India launches 20 satellites in single mission - chetangole
http://www.bbc.com/news/world-asia-india-36593855
======
rzimmerman
Some more detail about the payloads:

[http://spaceflightnow.com/2016/06/22/pslv-c34/](http://spaceflightnow.com/2016/06/22/pslv-c34/)

This launch includes 12 Earth imaging satellites from Planet
([https://www.planet.com/pulse/flock-2p-launches-
successfully-...](https://www.planet.com/pulse/flock-2p-launches-successfully-
on-pslv/)) and a second generation satellite from Google's Terra Bella.

------
sundarurfriend
> The chairman of the state-run Indian Space Research Organisation (Isro),
> Kiran Kumar, told the NDTV news channel that launching 20 satellites in a
> single mission was like "allowing birds to fly in space".
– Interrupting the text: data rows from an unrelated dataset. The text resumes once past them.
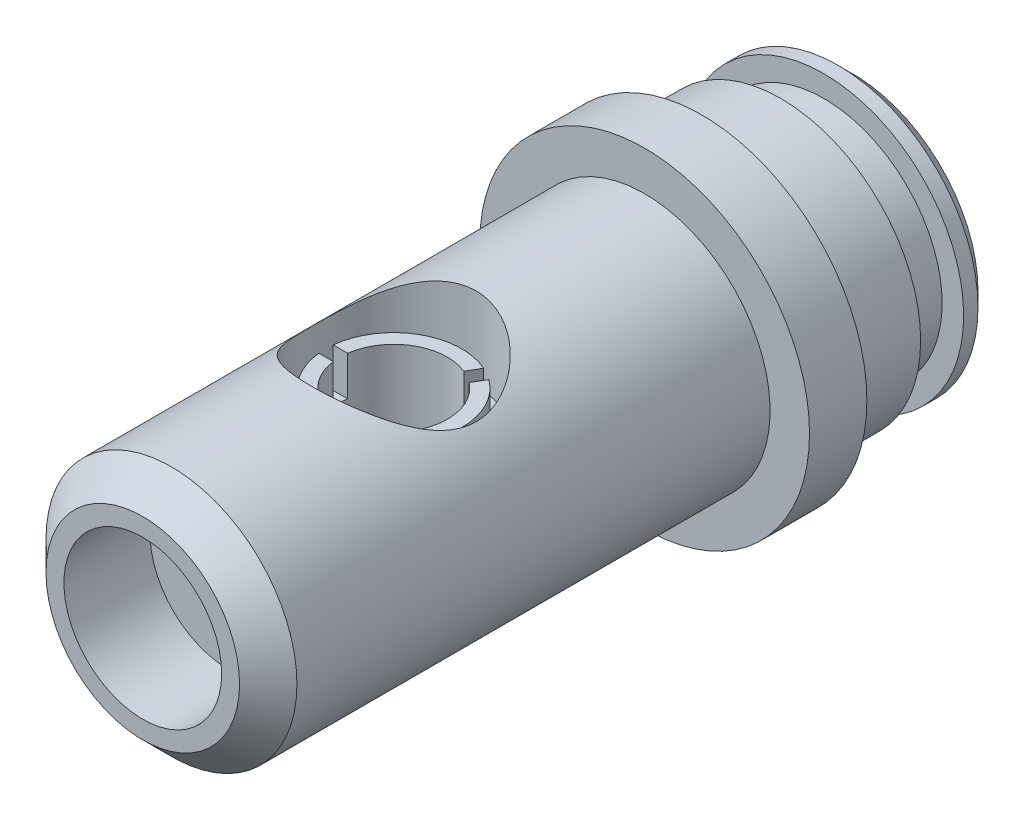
ISO-10303-21;
HEADER;
FILE_DESCRIPTION(('STEP AP214'),'2;1');
FILE_NAME('part.step','',(''),(''),'','','');
FILE_SCHEMA(('AUTOMOTIVE_DESIGN { 1 0 10303 214 1 1 1 1 }'));
ENDSEC;
DATA;
#1=APPLICATION_CONTEXT('core data for automotive mechanical design processes');
#2=APPLICATION_PROTOCOL_DEFINITION('international standard','automotive_design',2000,#1);
#3=PRODUCT_CONTEXT('',#1,'mechanical');
#4=PRODUCT('Part','Part','',(#3));
#5=PRODUCT_RELATED_PRODUCT_CATEGORY('part','',(#4));
#6=PRODUCT_DEFINITION_FORMATION('','',#4);
#7=PRODUCT_DEFINITION_CONTEXT('part definition',#1,'design');
#8=PRODUCT_DEFINITION('design','',#6,#7);
#9=PRODUCT_DEFINITION_SHAPE('','',#8);
#10=(LENGTH_UNIT() NAMED_UNIT(*) SI_UNIT(.MILLI.,.METRE.));
#11=(NAMED_UNIT(*) PLANE_ANGLE_UNIT() SI_UNIT($,.RADIAN.));
#12=(NAMED_UNIT(*) SI_UNIT($,.STERADIAN.) SOLID_ANGLE_UNIT());
#13=UNCERTAINTY_MEASURE_WITH_UNIT(LENGTH_MEASURE(1.E-05),#10,'distance_accuracy_value','');
#14=(GEOMETRIC_REPRESENTATION_CONTEXT(3) GLOBAL_UNCERTAINTY_ASSIGNED_CONTEXT((#13)) GLOBAL_UNIT_ASSIGNED_CONTEXT((#10,
#11,#12)) REPRESENTATION_CONTEXT('',''));
#15=CARTESIAN_POINT('',(0.,0.,0.));
#16=DIRECTION('',(0.,0.,1.));
#17=DIRECTION('',(1.,0.,0.));
#18=AXIS2_PLACEMENT_3D('',#15,#16,#17);
#19=CARTESIAN_POINT('',(0.,-100.,17.5));
#20=DIRECTION('',(0.,1.,0.));
#21=DIRECTION('',(0.,0.,1.));
#22=AXIS2_PLACEMENT_3D('',#19,#20,#21);
#23=CYLINDRICAL_SURFACE('',#22,3.75);
#24=CARTESIAN_POINT('',(0.,-8.75,21.25));
#25=CARTESIAN_POINT('',(0.100227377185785,-8.7499993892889,21.2499992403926));
#26=CARTESIAN_POINT('',(0.200485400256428,-8.74827314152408,21.2459761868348));
#27=CARTESIAN_POINT('',(0.400282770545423,-8.7414117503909,21.2299235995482));
#28=CARTESIAN_POINT('',(0.49982164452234,-8.73627453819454,21.2178892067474));
#29=CARTESIAN_POINT('',(0.69760374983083,-8.72271089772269,21.1859052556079));
#30=CARTESIAN_POINT('',(0.795844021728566,-8.7142779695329,21.1659400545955));
#31=CARTESIAN_POINT('',(0.990134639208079,-8.69434863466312,21.1183087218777));
#32=CARTESIAN_POINT('',(1.08618407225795,-8.68285097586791,21.0906394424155));
#33=CARTESIAN_POINT('',(1.3693125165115,-8.64427691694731,20.996689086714));
#34=CARTESIAN_POINT('',(1.55228472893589,-8.61305280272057,20.9193153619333));
#35=CARTESIAN_POINT('',(1.90236984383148,-8.54256906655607,20.7376630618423));
#36=CARTESIAN_POINT('',(2.06948702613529,-8.50331162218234,20.6333917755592));
#37=CARTESIAN_POINT('',(2.3922945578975,-8.41834800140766,20.3950897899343));
#38=CARTESIAN_POINT('',(2.54705184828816,-8.37242278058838,20.2598712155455));
#39=CARTESIAN_POINT('',(2.83248672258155,-8.28022159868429,19.9660798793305));
#40=CARTESIAN_POINT('',(2.9631509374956,-8.2339454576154,19.8074942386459));
#41=CARTESIAN_POINT('',(3.2035841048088,-8.14352157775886,19.461168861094));
#42=CARTESIAN_POINT('',(3.31188721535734,-8.09961488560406,19.272332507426));
#43=CARTESIAN_POINT('',(3.44900380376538,-8.04172417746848,18.9760651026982));
#44=CARTESIAN_POINT('',(3.49049730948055,-8.0237501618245,18.8750994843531));
#45=CARTESIAN_POINT('',(3.56465100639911,-7.99108303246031,18.6694795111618));
#46=CARTESIAN_POINT('',(3.59731581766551,-7.97638820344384,18.5648271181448));
#47=CARTESIAN_POINT('',(3.65203947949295,-7.9514757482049,18.3578992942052));
#48=CARTESIAN_POINT('',(3.67454443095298,-7.94107203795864,18.2557638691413));
#49=CARTESIAN_POINT('',(3.71096608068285,-7.92411735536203,18.0496994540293));
#50=CARTESIAN_POINT('',(3.72488681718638,-7.91756457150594,17.9457713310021));
#51=CARTESIAN_POINT('',(3.74397306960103,-7.90855725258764,17.7369672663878));
#52=CARTESIAN_POINT('',(3.74914116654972,-7.90610150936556,17.6320916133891));
#53=CARTESIAN_POINT('',(3.75066184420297,-7.90538023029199,17.4222664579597));
#54=CARTESIAN_POINT('',(3.74701493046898,-7.90711445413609,17.3173169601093));
#55=CARTESIAN_POINT('',(3.73161527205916,-7.91439277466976,17.1168517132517));
#56=CARTESIAN_POINT('',(3.72055440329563,-7.91961154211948,17.0212704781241));
#57=CARTESIAN_POINT('',(3.69117754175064,-7.93334495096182,16.8314590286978));
#58=CARTESIAN_POINT('',(3.67285907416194,-7.94186071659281,16.7372292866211));
#59=CARTESIAN_POINT('',(3.60727391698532,-7.97197945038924,16.4575723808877));
#60=CARTESIAN_POINT('',(3.54936451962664,-7.99816050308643,16.275013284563));
#61=CARTESIAN_POINT('',(3.40571679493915,-8.06038376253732,15.9184115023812));
#62=CARTESIAN_POINT('',(3.31939862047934,-8.09662874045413,15.7446416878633));
#63=CARTESIAN_POINT('',(3.12177987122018,-8.17485612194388,15.4133250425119));
#64=CARTESIAN_POINT('',(3.01046913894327,-8.21684085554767,15.2557848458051));
#65=CARTESIAN_POINT('',(2.754292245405,-8.30640507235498,14.946525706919));
#66=CARTESIAN_POINT('',(2.60730902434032,-8.35414819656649,14.7966034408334));
#67=CARTESIAN_POINT('',(2.28984174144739,-8.44668256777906,14.522911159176));
#68=CARTESIAN_POINT('',(2.11935154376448,-8.49147303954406,14.3991479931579));
#69=CARTESIAN_POINT('',(1.75398225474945,-8.574496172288,14.1784449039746));
#70=CARTESIAN_POINT('',(1.55858893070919,-8.61253068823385,14.0822761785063));
#71=CARTESIAN_POINT('',(1.15234962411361,-8.67621745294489,13.9248122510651));
#72=CARTESIAN_POINT('',(0.941512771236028,-8.70187695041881,13.8634966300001));
#73=CARTESIAN_POINT('',(0.525345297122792,-8.73654408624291,13.7813326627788));
#74=CARTESIAN_POINT('',(0.320572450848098,-8.74654062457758,13.7580765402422));
#75=CARTESIAN_POINT('',(-0.0901791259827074,-8.75194270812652,13.7454630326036));
#76=CARTESIAN_POINT('',(-0.296157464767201,-8.74735275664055,13.7560951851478));
#77=CARTESIAN_POINT('',(-0.691928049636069,-8.72473345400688,13.8092695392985));
#78=CARTESIAN_POINT('',(-0.88199866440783,-8.70743149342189,13.8500854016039));
#79=CARTESIAN_POINT('',(-1.25236392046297,-8.66192360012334,13.9600261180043));
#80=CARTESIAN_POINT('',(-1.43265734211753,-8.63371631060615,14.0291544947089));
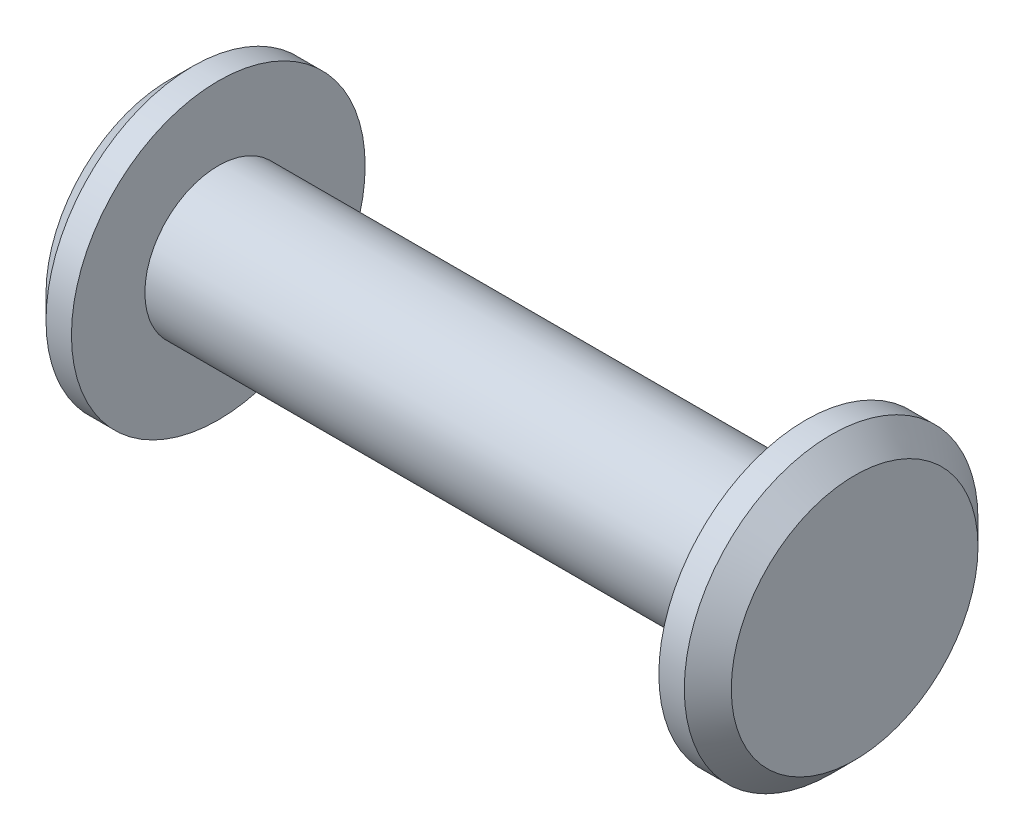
from build123d import *

# Parameters (mm, degrees)
CHAMFER1_SIZE = 0.762


with BuildPart() as part:
    # Sketch1 → Base-Revolve (revolve)
    with BuildSketch(Plane.XY, mode=Mode.PRIVATE) as base_revolve_sk:
        Polygon((11.1125, 0), (11.1125, 4.7625), (9.525, 4.7625), (9.525, 2.38125), (-9.525, 2.38125), (-9.525, 4.7625), (-11.1125, 4.7625), (-11.1125, 0), align=None)
    revolve(base_revolve_sk.sketch.rotate(Axis((0, 0, 0), (1, 0, 0)), 90), axis=Axis((0, 0, 0), (1, 0, 0)))

    # Chamfer1
    chamfer1_edges = [part.edges().sort_by_distance(p)[0] for p in [
        (11.1125, 0, -4.7625),
        (-11.1125, 0, -4.7625),
    ]]
    chamfer(chamfer1_edges, length=CHAMFER1_SIZE)


solid = part.part

 _' What, what does that mean?'_

> "Each of these small objects that you are putting into space will carry out
> their own activity, which is independent of the other, and each of them will
> live a wonderful life for the finite period for which they have been
> designed," he said, ahead of the launch.

 _' Oh! That was... surprisingly poetic.'_

------
sidcool
There will be naysayers when a second or third world country achieves a
milestone. Inspite of similar feats done before by developed nations, this is
huge for developing economies. Similar thing happened when the earlier Prime
Minister of India announced that India will launch a Mars mission within a
year at a fraction of cost at what NASA or ESA would do it. Most people
laughed at it, and said it's impossible and what not. But guess what, India
did send a successful Mars mission that's orbiting the red planet right now.
Since then I take 'Expert' HN comments with a pinch of salt. Sometimes HN
acknowledges a feat only when done by Elon Musk, NASA or ESA.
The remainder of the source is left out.